- [Work to be completed]: From the records below, copy out each line that has the word "TransferFcn".

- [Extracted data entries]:
Segment Open

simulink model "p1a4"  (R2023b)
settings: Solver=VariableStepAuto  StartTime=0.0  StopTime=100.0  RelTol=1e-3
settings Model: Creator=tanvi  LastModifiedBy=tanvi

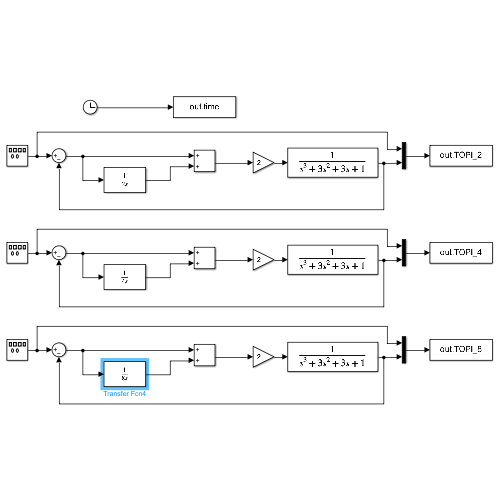
[thumbnail: Simulink's stored preview of the top-level diagram]
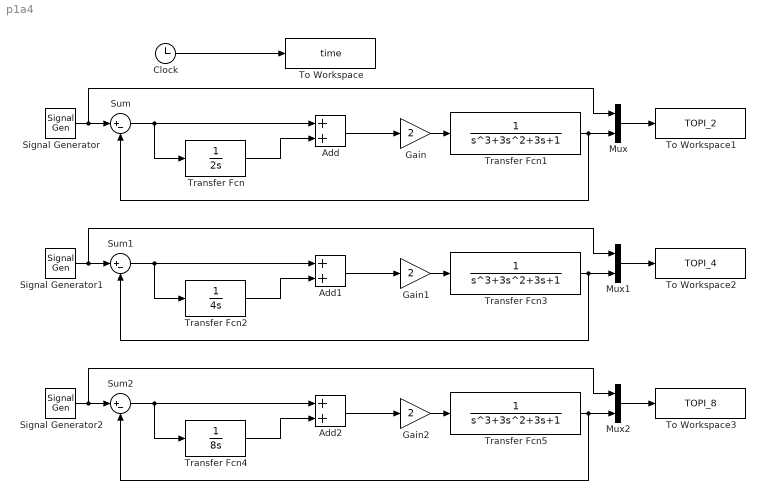
== system p1a4 ==
  Add : Sum
  Add1 : Sum
  Add2 : Sum
  Clock : Clock
  Gain : Gain  Gain=2
  Gain1 : Gain  Gain=2
  Gain2 : Gain  Gain=2
  Mux : Mux  Inputs=2
  Mux1 : Mux  Inputs=2
  Mux2 : Mux  Inputs=2
  Signal Generator : SignalGenerator  WaveForm=square  Frequency=0.01
  Signal Generator1 : SignalGenerator  WaveForm=square  Frequency=0.01
  Signal Generator2 : SignalGenerator  WaveForm=square  Frequency=0.01
  Sum : Sum  Inputs=|+-
  Sum1 : Sum  Inputs=|+-
  Sum2 : Sum  Inputs=|+-
  To Workspace : ToWorkspace  VariableName=time  SampleTime=-1
  To Workspace1 : ToWorkspace  VariableName=TOPI_2  SampleTime=-1
  To Workspace2 : ToWorkspace  VariableName=TOPI_4  SampleTime=-1
  To Workspace3 : ToWorkspace  VariableName=TOPI_8  SampleTime=-1
  Transfer Fcn : TransferFcn  Denominator=[2 0]
  Transfer Fcn1 : TransferFcn  Denominator=[1 3 3 1]
  Transfer Fcn2 : TransferFcn  Denominator=[4 0]
  Transfer Fcn3 : TransferFcn  Denominator=[1 3 3 1]
  Transfer Fcn4 : TransferFcn  Denominator=[8 0]
  Transfer Fcn5 : TransferFcn  Denominator=[1 3 3 1]
  wires:
  Signal Generator/1 -> Mux/1, Sum/1
  Sum/1 -> Transfer Fcn/1, Add/1
  Clock/1 -> To Workspace/1
  Transfer Fcn1/1 -> Sum/2, Mux/2
  Transfer Fcn/1 -> Add/2
  Mux/1 -> To Workspace1/1
  Add/1 -> Gain/1
  Gain/1 -> Transfer Fcn1/1
  Mux1/1 -> To Workspace2/1
  Transfer Fcn3/1 -> Sum1/2, Mux1/2
  Add1/1 -> Gain1/1
  Gain1/1 -> Transfer Fcn3/1
  Transfer Fcn2/1 -> Add1/2
  Signal Generator1/1 -> Mux1/1, Sum1/1
  Sum1/1 -> Transfer Fcn2/1, Add1/1
  Mux2/1 -> To Workspace3/1
  Transfer Fcn5/1 -> Sum2/2, Mux2/2
  Add2/1 -> Gain2/1
  Gain2/1 -> Transfer Fcn5/1
  Transfer Fcn4/1 -> Add2/2
  Signal Generator2/1 -> Mux2/1, Sum2/1
  Sum2/1 -> Transfer Fcn4/1, Add2/1

Segment Closed

- [Response to this exercise]:
  Transfer Fcn : TransferFcn  Denominator=[2 0]
  Transfer Fcn1 : TransferFcn  Denominator=[1 3 3 1]
  Transfer Fcn2 : TransferFcn  Denominator=[4 0]
  Transfer Fcn3 : TransferFcn  Denominator=[1 3 3 1]
  Transfer Fcn4 : TransferFcn  Denominator=[8 0]
  Transfer Fcn5 : TransferFcn  Denominator=[1 3 3 1]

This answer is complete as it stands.